Whole body non-penetrating trauma causes myocardial infarction in humans and mechanical trauma (MT) results in cardiac dysfunction in animals. Our recent study demonstrated that incubation of cardiomyocytes with plasma isolated from MT animals causes significant cardiomyocyte apoptosis that can be blocked by neutralization of TNFalpha. The present study attempted to obtain direct in vivo evidence to support that overproduction of TNFalpha plays a causative role in trauma-induced cardiomyocyte apoptosis. Non-lethal MT caused significant TNFalpha overproduction (2.4-fold at 1.5 h after MT) and increased cardiomyocyte apoptosis (starting 3 h and peaking 12 h after MT). Pharmacological inhibition of TNFalpha with etanercept or TNFalpha gene deletion reduced post-trauma myocyte apoptosis (P<0.01). Expression of iNOS and NADPH oxidase, overproduction of NO and O2-, and excessive protein nitration in the MT heart were all significantly reduced in etanercept-treated or TNFalpha-/- mice, suggesting that oxidative/nitrative stress may contribute to TNFalpha-initiated myocyte apoptosis in MT hearts. Additional experiments demonstrated that inhibiting iNOS (1400W) or NADPH oxidase (apocynin), or scavenging peroxynitrite (FP15) significantly reduced myocyte apoptosis in MT animals (P<0.01). Collectively, these data demonstrated that non-lethal mechanical trauma caused significant TNFalpha production that in turn stimulated myocardial apoptosis via oxidative/nitrative stress.

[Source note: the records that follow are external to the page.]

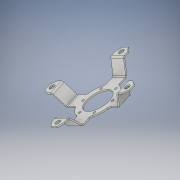
# Autodesk Inventor part: Actividad 4.1_Emily_Rojas
Saved by Autodesk Inventor 2019 (Build 230136000, 136)
## iProperties
Created: 2019-05-23
Part Number: Actividad 4.1_Emily_Rojas
Material: Generic
Document SubType Name: Sheet Metal
Designer: Emily Rojas
Density: 1 g/cm^3
Sheet Metal Rule: Default
Appearance: Default
Author: Emily Rojas
Autodesk Inventor part; units mm, degrees
ref_plane "YZ Plane" through (0, 0, 0) normal (1, 0, 0) x (0, 1, 0)
ref_plane "XZ Plane" through (0, 0, 0) normal (0, 1, 0) x (-1, 0, 0)
ref_plane "XY Plane" through (0, 0, 0) normal (0, 0, 1) x (1, 0, 0)
sketch "Sketch1" plane through (0, 0, 0) normal (0, 1, 0) x (-1, 0, 0)
  circle A0 centre (0, 0) radius 10
  circle A1 centre (12.5, 0.022) radius 1
  circle A2 centre (6.231, 10.8363) radius 1
  circle A3 centre (-6.269, 10.8143) radius 1
  circle A4 centre (-12.5, -0.022) radius 1
  circle A5 centre (-6.231, -10.8363) radius 1
  circle A6 centre (6.269, -10.8143) radius 1
  line L0 (-12.4513, 1.1023) -> (-12.5238, 0.9777)
  line L1 (-12.5238, 0.9777) -> (-38.4555, 16.0624)
  line L2 (-38.4555, 16.0624) -> (-33.0451, 25.3632)
  line L3 (-33.0451, 25.3632) -> (-7.1134, 10.2786)
  line L4 (-0.9777, -12.5238) -> (-16.0624, -38.4555)
  line L5 (-25.3632, -33.0451) -> (-10.2786, -7.1134)
  line L6 (-16.0624, -38.4555) -> (-25.3632, -33.0451)
  line L7 (12.5238, -0.9777) -> (38.4555, -16.0624)
  line L8 (33.0451, -25.3632) -> (7.1134, -10.2786)
  line L9 (38.4555, -16.0624) -> (33.0451, -25.3632)
  line L10 (0.9777, 12.5238) -> (16.0624, 38.4555)
  line L11 (25.3632, 33.0451) -> (10.2786, 7.1134)
  line L12 (16.0624, 38.4555) -> (25.3632, 33.0451)
  circle A7 centre (-18.7015, -32.2927) radius 2
  circle A8 centre (32.2927, -18.7015) radius 2
  circle A9 centre (18.7015, 32.2927) radius 2
  circle A10 centre (-32.2927, 18.7015) radius 2
  arc A11 (-2.3138, -14.8205) -> (9.458, -11.6424) centre (0, 0) ccw
  arc A12 (14.8205, -2.3138) -> (11.6424, 9.458) centre (0, 0) ccw
  arc A13 (2.3138, 14.8205) -> (-9.458, 11.6424) centre (0, 0) ccw
  arc A14 (-14.8205, 2.3138) -> (-11.6424, -9.458) centre (0, 0) ccw
  arc A15 (12.4617, -0.9773) -> (12.4644, -0.9432) centre (0, 0) ccw
  arc A16 (6.9816, -10.3686) -> (7.1134, -10.2786) centre (0, 0) ccw
  arc A17 (-6.9816, 10.3686) -> (-7.1134, 10.2786) centre (0, 0) ccw
  arc A18 (-12.4513, 1.1023) -> (-12.4617, 0.9773) centre (0, 0) ccw
  dimension "d3" = 2
  dimension "d0" = 20
  dimension "d6" = 360
  dimension "d8" = 30
  dimension "d11" = 360
  dimension "d13" = 4
  dimension "d14" = 5.38
  dimension "d15" = 4
  dimension "d16" = 5.38
  dimension "d19" = 360
  measures "d0" diameter of A0
  measures "d8" distance between parallel lines of L2 L0
  measures "d13" diameter of A7
  measures "d14" distance from line of L4 A7.centre
  measures "d15" distance from line of L6 A7.centre
  measures "d16" distance from line of L5 A7.centre
extrude "Plate1" add sketch "Sketch1" along normal blind 1
fillet "Corner Round1" radius 2 8 edges at (14.8205, 0.5, 2.3138) (11.6424, 0.5, -9.458) (9.458, 0.5, 11.6424) (-2.3138, 0.5, 14.8205) (-11.6424, 0.5, 9.458) (-14.8205, 0.5, -2.3138) (-9.458, 0.5, -11.6424) (2.3138, 0.5, -14.8205)
sketch "Sketch2" plane through (0, 1, 0) normal (0, 1, 0) x (1, 0, 0)
  line L0 (-25.3632, -33.0451) -> (-12.306, -10.5986) projected
  line L1 (-15.5823, -16.2309) -> (-6.2636, -21.6106)
  line L2 (-2.9702, -15.949) -> (-16.0624, -38.4555) projected
  line L3 (10.5986, -12.306) -> (33.0451, -25.3632) projected
  line L4 (16.2309, -15.5823) -> (21.6106, -6.2636)
  line L5 (38.4555, -16.0624) -> (15.949, -2.9702) projected
  line L6 (25.3632, 33.0451) -> (12.306, 10.5986) projected
  line L7 (15.5823, 16.2309) -> (6.2636, 21.6106)
  line L8 (16.0624, 38.4555) -> (2.9702, 15.949) projected
  line L9 (-10.5986, 12.306) -> (-33.0451, 25.3632) projected
  line L10 (-16.2309, 15.5823) -> (-21.6106, 6.2636)
  line L11 (-38.4555, 16.0624) -> (-15.949, 2.9702) projected
  arc A0 (-21.6106, 6.2636) -> (-15.5823, -16.2309) centre (0, 0) ccw
  arc A1 (-6.2636, -21.6106) -> (16.2309, -15.5823) centre (0, 0) ccw
  arc A2 (21.6106, -6.2636) -> (15.5823, 16.2309) centre (0, 0) ccw
  arc A3 (6.2636, 21.6106) -> (-16.2309, 15.5823) centre (0, 0) ccw
  constraints: 8 end point, 8 point on circle, 8 point on line, 4 centre point, 1 coincident
fold "Fold1" angle 60 bend radius 1 thickness 1 k factor 0.44 line from (-16.2309, 1, -15.5823) to (-21.6106, 1, -6.2636) line at bend centre moving side (0.8660444, 0, 0.4999671) folds toward (0, 1, 0)
sketch "Sketch3" plane through (-14.9991, 24.4453, 9.0047) normal (-0.7500165, 0.5, -0.4329842) x (-0.5013925, -0.0028562, 0.8652152)
  circle A0 centre (-15.2796, -5.4521) radius 10 projected
  arc A1 (-37.1091, -10.9041) -> (-37.1446, -0.1441) centre (-15.2796, -5.4521) ccw
  line L0 (-30.5592, -10.9041) -> (-56.5967, -10.9041) projected
  line L1 (-37.1091, -10.9041) -> (-37.1446, -0.1441)
  line L2 (-56.5967, -0.1441) -> (-30.6287, -0.1441) projected
  point P0 (-15.2416, -16.9767)
  dimension "d30" = 45
  constraints: 2 end point, 2 point on circle, 2 point on line, 1 centre point, 1 coincident
  measures "d30" diameter of A1
fold "Fold2" angle 60 bend radius 1 thickness 1 k factor 0.44 line from (-1.0966, 15.1081, -25.8596) to (3.5628, 24.4266, -23.1698) line at bend centre moving side (0.4999671, 0, -0.8660444) folds toward (-0.7500165, 0.5, -0.4329842)
sketch "Sketch4" plane through (-14.9991, 24.4453, 9.0047) normal (-0.7500165, 0.5, -0.4329842) x (-0.5013925, -0.0028562, 0.8652152)
  circle A0 centre (-15.2796, -5.4521) radius 10 projected
  arc A1 (-20.7317, 16.3774) -> (-9.9717, 16.4129) centre (-15.2796, -5.4521) ccw
  line L0 (-9.9717, 35.865) -> (-9.9717, 9.897) projected
  line L1 (-9.9717, 16.4129) -> (-20.7317, 16.3774)
  line L2 (-20.7317, 9.8276) -> (-20.7317, 35.865) projected
  point P0 (-15.2416, -16.9767)
  dimension "d37" = 45
  constraints: 2 end point, 2 point on circle, 2 point on line, 1 centre point, 1 coincident
  measures "d37" diameter of A1
fold "Fold3" angle 60 bend radius 1 thickness 1 k factor 0.44 line from (-2.9193, 38.6877, 4.5269) to (2.4604, 38.6877, -4.7918) line at bend centre moving side (-0.4330222, -0.8660254, -0.2499835) folds toward (-0.7500165, 0.5, -0.4329842)
sketch "Sketch5" plane through (-34.9831, 38.8407, 27.5325) normal (0, 1, 0) x (0.8643908, 0, 0.5028206)
  circle A0 centre (-5.4521, 41.3171) radius 10 projected
  arc A1 (0, 19.4876) -> (-10.76, 19.4521) centre (-5.4521, 41.3171) ccw
  line L0 (-10.76, 25.968) -> (-10.76, 0) projected
  line L1 (-10.76, 19.4521) -> (0, 19.4876)
  line L2 (0, 0) -> (0, 26.0374) projected
  point P0 (16.3951, 41.3891)
  dimension "d44" = 45
  constraints: 2 end point, 2 point on circle, 2 point on line, 1 centre point, 1 coincident
  measures "d44" diameter of A1
fold "Fold4" angle 60 bend radius 1 thickness 1 k factor 0.44 line from (-34.503, 38.8407, 5.308) to (-25.1843, 38.8407, 10.6876) line at bend centre moving side (0.4999671, 0, -0.8660444) folds toward (0, 1, 0)
sketch "Sketch7" plane through (-44.284, 37.8407, 22.1222) normal (0, -1, 0) x (0.8643908, 0, 0.5028206)
  line L0 (10.76, 0) -> (10.76, -18.7336) projected
  line L1 (10.76, -8) -> (0, -8)
  line L2 (0, 0) -> (10.76, 0) projected
  line L3 (0, -18.6981) -> (0, 0) projected
  point P0 (27.1551, -41.3891)
  dimension "d51" = 8
  constraints: 2 end point, 2 point on line, 1 horizontal
  measures "d51" distance between parallel lines of L2 L1
fold "Fold5" angle 60 bend radius 1 thickness 1 k factor 0.44 line from (-30.9605, 37.8407, 20.6174) to (-40.2614, 37.8407, 15.2071) line at bend centre moving side (0.5028206, 0, -0.8643908) folds toward (0, -1, 0)
sketch "Sketch8" plane through (-44.0486, 28.7786, -13.0295) normal (-0.7505334, -0.4975244, -0.4349357) x (-0.5028115, 0.0028586, 0.8643914)
  line L0 (0, 10.7336) -> (-10.76, 10.7336)
  line L1 (-10.76, 18.7336) -> (0, 18.7336) projected
  line L2 (-10.76, 0.0355) -> (-10.76, 18.7336) projected
  line L3 (0, 18.7336) -> (0, 0) projected
  point P0 (-10.9678, -47.1399)
  dimension "d58" = 8
  constraints: 2 end point, 2 point on line, 1 horizontal
  measures "d58" distance between parallel lines of L1 L0
fold "Fold6" angle 60 bend radius 1 thickness 1 k factor 0.44 line from (-48.6513, 38.0895, -15.7377) to (-43.241, 38.0587, -25.0385) line at bend centre moving side (0.4288125, -0.8674453, 0.2523064) folds toward (-0.7505334, -0.4975244, -0.4349357)
sketch "Sketch9" plane through (-14.7051, 21.998, -39.3814) normal (0.0621417, -0.2487704, -0.966567) x (-0.9022703, -0.4280055, 0.05215)
  line L0 (8, 0) -> (8, -10.76)
  line L1 (0, -10.76) -> (0, 0) projected
  line L2 (18.6981, -10.76) -> (0, -10.76) projected
  line L3 (0, 0) -> (18.7336, 0) projected
  point P0 (-1.7989, -35.2744)
  dimension "d65" = 8
  constraints: 2 end point, 2 point on line, 1 vertical
  measures "d65" distance between parallel lines of L1 L0
fold "Fold7" angle 60 bend radius 1 thickness 1 k factor 0.44 line from (-21.9232, 18.574, -38.9642) to (-17.3323, 9.225, -36.2629) line at bend centre moving side (-0.9022703, -0.4280055, 0.05215) folds toward (0.0621417, -0.2487704, -0.966567)
sketch "Sketch10" plane through (-29.6185, -17.8413, -39.4621) normal (0.4023205, -0.8768526, -0.2631878) x (0.9020855, 0.428722, -0.0493889)
  line L0 (0, 10.7336) -> (-10.76, 10.7336)
  line L1 (-10.76, 18.7336) -> (0, 18.7336) projected
  line L2 (-10.76, 0.0355) -> (-10.76, 18.7336) projected
  line L3 (0, 18.7336) -> (0, 0) projected
  point P0 (32.4184, 38.7642)
  dimension "d72" = 8
  constraints: 2 end point, 2 point on line, 1 horizontal
  measures "d72" distance between parallel lines of L1 L0
fold "Fold8" angle 60 bend radius 1 thickness 1 k factor 0.44 line from (-27.9425, -20.1763, -29.1205) to (-37.649, -24.7894, -28.589) line at bend centre moving side (-0.1561412, 0.2175477, -0.9634796) folds toward (0.4023205, -0.8768526, -0.2631878)
chamfer "Corner Chamfer1" distance 4 distance2 3 1 edges at (-38.1127, -5.884, -90.5016) measured on face at (-38.0346, -5.9928, -90.0199)
chamfer "Corner Chamfer2" distance 4 distance2 3 1 edges at (-4.0754, -1.8474, -52.2504) measured on face at (-4.5271, -2.0605, -52.2254)
chamfer "Corner Chamfer3" distance 4 distance2 3 1 edges at (-36.601, -26.0913, -20.7496) measured on face at (-36.6791, -25.9826, -21.2313)
chamfer "Corner Chamfer4" distance 4 distance2 3 1 edges at (-70.6383, -30.1279, -59.0008) measured on face at (-70.1867, -29.9148, -59.0258)
chamfer "Corner Chamfer5" distance 3 distance2 4 1 edges at (-68.9705, -32.4417, -48.6257) measured on face at (-69.048, -32.3342, -49.1078)
chamfer "Corner Chamfer6" distance 3 distance2 4 1 edges at (-26.8946, -21.4783, -21.281) measured on face at (-27.3456, -21.6926, -21.2563)
chamfer "Corner Chamfer7" distance 3 distance2 4 1 edges at (-5.7678, 0.5203, -62.6094) measured on face at (-5.6892, 0.4103, -62.128)
chamfer "Corner Chamfer8" distance 3 distance2 4 1 edges at (-47.8437, -10.4431, -89.954) measured on face at (-47.3915, -10.2312, -89.9795)
equation "\"d21\" = Thickness"
equation "\"d24\" = BendReliefWidth"
equation "\"d25\" = BendReliefDepth"
equation "\"d26\" = MinimumRemnant"
equation "\"d27\" = TransitionRadius"
equation "\"d29\" = BendRadius"
equation "\"d31\" = BendReliefWidth"
equation "\"d32\" = BendReliefDepth"
equation "\"d33\" = MinimumRemnant"
equation "\"d34\" = TransitionRadius"
equation "\"d36\" = BendRadius"
equation "\"d38\" = BendReliefWidth"
equation "\"d39\" = BendReliefDepth"
equation "\"d40\" = MinimumRemnant"
equation "\"d41\" = TransitionRadius"
equation "\"d43\" = BendRadius"
equation "\"d45\" = BendReliefWidth"
equation "\"d46\" = BendReliefDepth"
equation "\"d47\" = MinimumRemnant"
equation "\"d48\" = TransitionRadius"
equation "\"d50\" = BendRadius"
equation "\"d52\" = BendReliefWidth"
equation "\"d53\" = BendReliefDepth"
equation "\"d54\" = MinimumRemnant"
equation "\"d55\" = TransitionRadius"
equation "\"d57\" = BendRadius"
equation "\"d59\" = BendReliefWidth"
equation "\"d60\" = BendReliefDepth"
equation "\"d61\" = MinimumRemnant"
equation "\"d62\" = TransitionRadius"
equation "\"d64\" = BendRadius"
equation "\"d66\" = BendReliefWidth"
equation "\"d67\" = BendReliefDepth"
equation "\"d68\" = MinimumRemnant"
equation "\"d69\" = TransitionRadius"
equation "\"d71\" = BendRadius"
equation "\"d73\" = BendReliefWidth"
equation "\"d74\" = BendReliefDepth"
equation "\"d75\" = MinimumRemnant"
equation "\"d76\" = TransitionRadius"
equation "\"d78\" = BendRadius"
equation "\"BendRadius\" = Thickness"
equation "\"BendReliefWidth\" = Thickness"
equation "\"BendReliefDepth\" = 0.5 * Thickness"
equation "\"CornerReliefSize\" = 4 * Thickness"
equation "\"MinimumRemnant\" = 2 * Thickness"
equation "\"TransitionRadius\" = BendRadius"
equation "\"JacobiRadiusSize\" = Thickness"
equation "\"GapSize\" = Thickness"
equation "\"Thickness\" = 1"
body "Solid1"

Tumor necrosis factor-alpha in mechanic trauma plasma mediates cardiomyocyte apoptosis.

Mechanical traumatic injury causes cardiomyocyte apoptosis and cardiac dysfunction. However, the signaling mechanisms leading to posttraumatic cardiomyocyte apoptosis remains unclear. The present study attempted to identify the molecular mechanisms responsible for cardiomyocyte apoptosis induced by trauma. Normal cardiomyocytes (NC) or traumatic cardiomyocytes (TC; isolated immediately after trauma) were cultured with normal plasma (NP) or traumatic plasma (TP; isolated 1.5 h after trauma) for 12 h, and apoptosis was determined by caspase-3 activation. Exposure of TC to NP failed to induce significant cardiomyocyte apoptosis. In contrast, exposure of NC to TP resulted in a greater than twofold increase in caspase-3 activation (P < 0.01). Incubation of cardiomyocytes with cytomix (a mixture of TNF-alpha, IL-1beta, and IFN-gamma) or TNF-alpha alone, but not with IL-1beta or IFN-gamma alone, caused significant caspase-3 activation (P < 0.01). TP-induced caspase-3 activation was virtually abolished by an anti-TNF-alpha antibody, and TP isolated from TNF-alpha(-/-) mice failed to induce caspase-3 activation. Moreover, incubation of cardiomyocytes with TP upregulated inducible nitric oxide (NO) synthase (iNOS)/NADPH oxidase expression, increased NO/superoxide production, and increased cardiomyocyte protein nitration (measured by nitrotyrosine content). These oxidative/nitrative stresses and the resultant cardiomyocyte caspase-3 activation can be blocked by neutralization of TNF-alpha (anti-TNF-alpha antibody), inhibition of iNOS (1400W), or NADPH oxidase (apocynin) and scavenging of peroxynitrite (FP15) (P < 0.01). Taken together, our study demonstrated that there exists a TNF-alpha-initiated, cardiomyocyte iNOS/NADPH oxidase-dependent, peroxynitrite-mediated signaling pathway that contributes to posttraumatic myocardial apoptosis. Therapeutic interventions that block this signaling cascade may attenuate posttraumatic cardiac injury and reduce the incidence of secondary organ dysfunction after trauma.